Objective
To compare the marginal and internal adaptation of endocrowns produced using conventional technique, digital technique, and combination (cast digitization) techniques using microcomputed tomography (micro‐CT).
Materials and Methods
Ten freshly extracted human mandibular molar teeth were prepared for all‐ceramic endocrowns. A total of 40 Lithium Disilicate (IPS e.max) endocrowns were fabricated and grouped according to the impression and production technique to four groups: Group (CO): Conventional impression/heat pressed endocrowns (n = 10), Group (CAD): Direct scanning of teeth/CAD‐CAM endocrowns (n = 10), Group (COMIO): Combination; Cast digitization using Intraoral scanner/CAD‐CAM endocrowns (n = 10), Group (COML): Combination; Cast digitization using laboratory scanner/CAD‐CAM endocrowns (n = 10). Micro‐computed tomography was used to measure the marginal and internal gaps in 11 predetermined sites.

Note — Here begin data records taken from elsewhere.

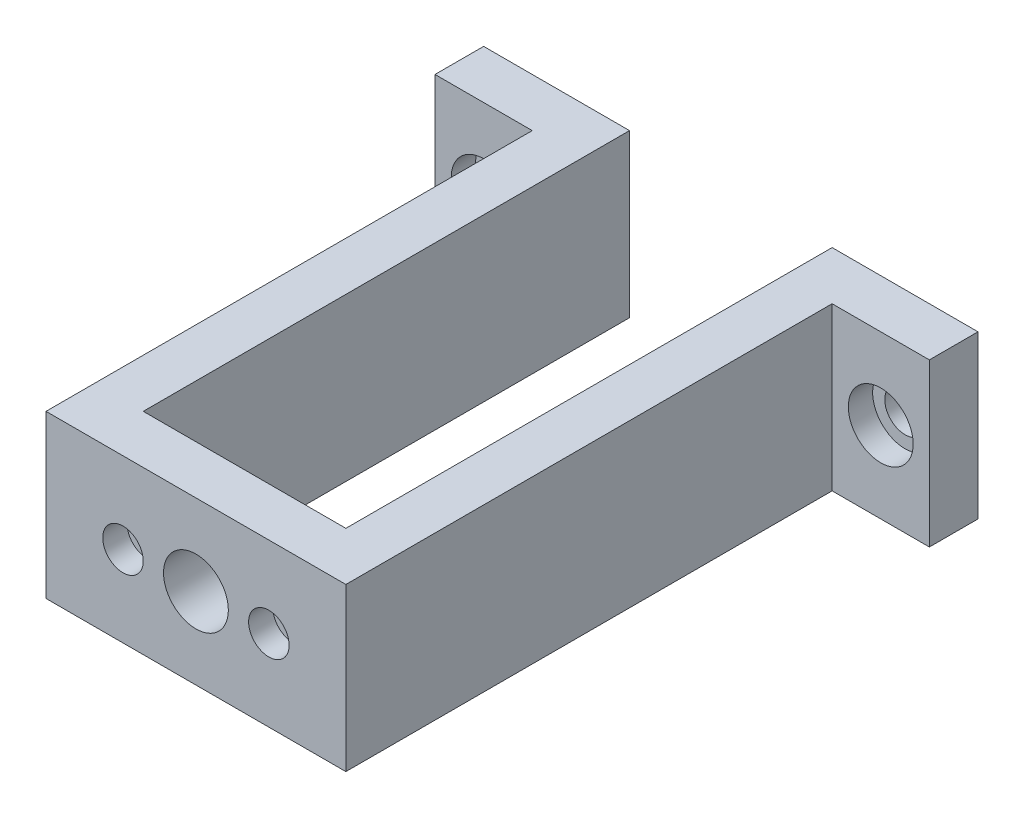
SolidWorks part; units mm, degrees
ref_plane "前视基准面" through (0, 0, 0) normal (0, 0, 1) x (1, 0, 0)
ref_plane "上视基准面" through (0, 0, 0) normal (0, 1, 0) x (1, 0, 0)
ref_plane "右视基准面" through (0, 0, 0) normal (1, 0, 0) x (0, 0, -1)
other "Configuration Table"
sketch "草图1" plane through (0, 0, 0) normal (0, 0, 1) x (1, 0, 0)
  line L9 (-12.5, 5) -> (0, 5)
  line L10 (-12.5, 5) -> (-12.5, -5)
  line L16 (-12.5, -5) -> (0, -5)
  line L17 (0, 5) -> (0, -5)
  dimension "D2" = 12.5
  dimension "D1" = 10
extrude "凸台-拉伸1" add sketch "草图1" along normal blind 3 contours L16 L17 L9 L10
sketch "草图2" plane through (0, 0, 3) normal (0, 0, 1) x (1, 0, 0)
  circle A0 centre (-10.75, 0) radius 0.85
  circle A1 centre (-1.75, 0) radius 0.85
  circle A2 centre (-1.75, 0) radius 1.25
  circle A3 centre (-10.75, 0) radius 1.25
  circle A4 centre (-6.25, 0) radius 2
  point P6 (0, 0)
  point P9 (0, 0)
  point P10 (0, 0)
  point P11 (0, 0)
  point P12 (0, 0)
  dimension "D1" = 1.7
  dimension "D2" = 2.5
  dimension "D3" = 4
extrude "切除-拉伸1" cut sketch "草图2" against normal through all contours A1 | A0 | A4
extrude "切除-拉伸2" cut sketch "草图2<3>" against normal blind 1.5 contours A2 | A3 | A4
sketch "草图2<3>" plane through (0, 0, 3) normal (0, 0, 1) x (1, 0, 0) same geometry as "草图2"
sketch "草图3" plane through (0, 0, 0) normal (0, 0, -1) x (-1, 0, 0)
  line L0 (0, 5) -> (0, -5) construction
  line L1 (0, 5) -> (-9, 5)
  line L2 (0, 5) -> (0, -5)
  line L3 (0, -5) -> (-9, -5)
  line L4 (-9, 5) -> (-9, -5)
  line L5 (12.5, 5) -> (12.5, -5) construction
  line L6 (12.5, 5) -> (21.5, 5)
  line L7 (12.5, 5) -> (12.5, -5)
  line L8 (12.5, -5) -> (21.5, -5)
  line L9 (21.5, 5) -> (21.5, -5)
  line L10 (12.5, -5) -> (0, -5) construction
  line L11 (12.5, 5) -> (0, 5) construction
  line L12 (-3, 5) -> (-3, -5)
  line L13 (15.5, 5) -> (15.5, -5)
  line L14 (-3, -4.0411) -> (0, -4.0411) construction
  line L15 (12.5, -4.0411) -> (15.5, -4.0411) construction
  line L16 (-9, 0) -> (-3, 0) construction
  line L17 (15.5, 0) -> (21.5, 0) construction
  circle A0 centre (-6, 0) radius 2
  circle A1 centre (-6, 0) radius 1.25
  circle A2 centre (18.5, 0) radius 2
  circle A3 centre (18.5, 0) radius 1.25
  line M13 (12.5, -5) -> (12.5, 5)
  line M15 (0, 5) -> (0, -5)
  dimension "D3" = 2.5
  dimension "D4" = 4
  dimension "D1" = 9
  dimension "D2" = 3
extrude "凸台-拉伸2" add sketch "草图3" along normal blind 30 separate body contours L6 L9 L8 L7 | L1 L4 L3 L2
extrude "凸台-拉伸3" add sketch "草图3<3>" against normal up to surface (3 mm away) contours L13 L6 L8 M13 | L1 L12 L3 M15 region at (1.5, 0, 0) region at (-14, 0, 0) up to face at (-0.5, 0, 3)
sketch "草图3<3>" plane through (0, 0, 0) normal (0, 0, -1) x (-1, 0, 0) same geometry as "草图3"
extrude "切除-拉伸3" cut sketch "草图3<4>" along normal offset from surface (27 mm away) 3 contours L12 L1 L4 L3 A0 | L6 L13 L8 L9 A2 | A0 A1 | A1 | A2 A3 | A3 region at (3.1166, 0, 0) region at (-18.5, 4.8834, 0) region at (7.9434, 0, 0) region at (6, 0, 0) region at (-16.5566, 0, 0) region at (-18.5, 0, 0) up to face at (4.5, 0, -30)
sketch "草图3<4>" plane through (0, 0, 0) normal (0, 0, -1) x (-1, 0, 0) same geometry as "草图3"
extrude "切除-拉伸4" cut sketch "草图3<5>" along normal through all contours A3 | A1 region at (6, 0, 0) region at (-18.5, 0, 0)
sketch "草图3<5>" plane through (0, 0, 0) normal (0, 0, -1) x (-1, 0, 0) same geometry as "草图3"
extrude "切除-拉伸5" cut sketch "草图3<6>" along normal blind 1.5 from surface contours A2 A3 | A0 A1 region at (7.9434, 0, 0) region at (-16.5566, 0, 0) starting at face at (-17.25, 0, -27)
sketch "草图3<6>" plane through (0, 0, 0) normal (0, 0, -1) x (-1, 0, 0) same geometry as "草图3"

Mean marginal and internal gaps were compared using analysis of variance and Scheffe's post hoc test.
Results
CO, CAD, COMIO, and COML groups showed significant differences in the mean marginal gap (150 ± 35 μm, 120 ± 27 μm, 110 ± 24 μm, 120 ± 29 μm, respectively p = 0.013), gap at line angle (280 ± 70 μm, 130 ± 37 μm, 140 ± 54 μm, 130 ± 33 μm, respectively, p < 0.001), gap at cavity wall (210 ± 76 μm, 140 ± 43 μm, 140 ± 52 μm, 150 ± 44 μm, respectively, p = 0.010) and gap at pulpal floor (500 ± 150 μm, 240 ± 58 μm, 260 ± 59 μm, 240 ± 64 μm, respectively, p < 0.001).
Conclusion
Digitally fabricated endocrowns showed superior marginal and internal fit compared to the conventionally fabricated endocrowns.
Clinical Significance
Marginal and internal adaptation are detrimental factors for the success and survival of dental restorations including endocrowns. When compared with the conventional impressions and conventional production techniques, Digital workflow is more predictable and reliable as it reduces errors and improves the accuracy of fit.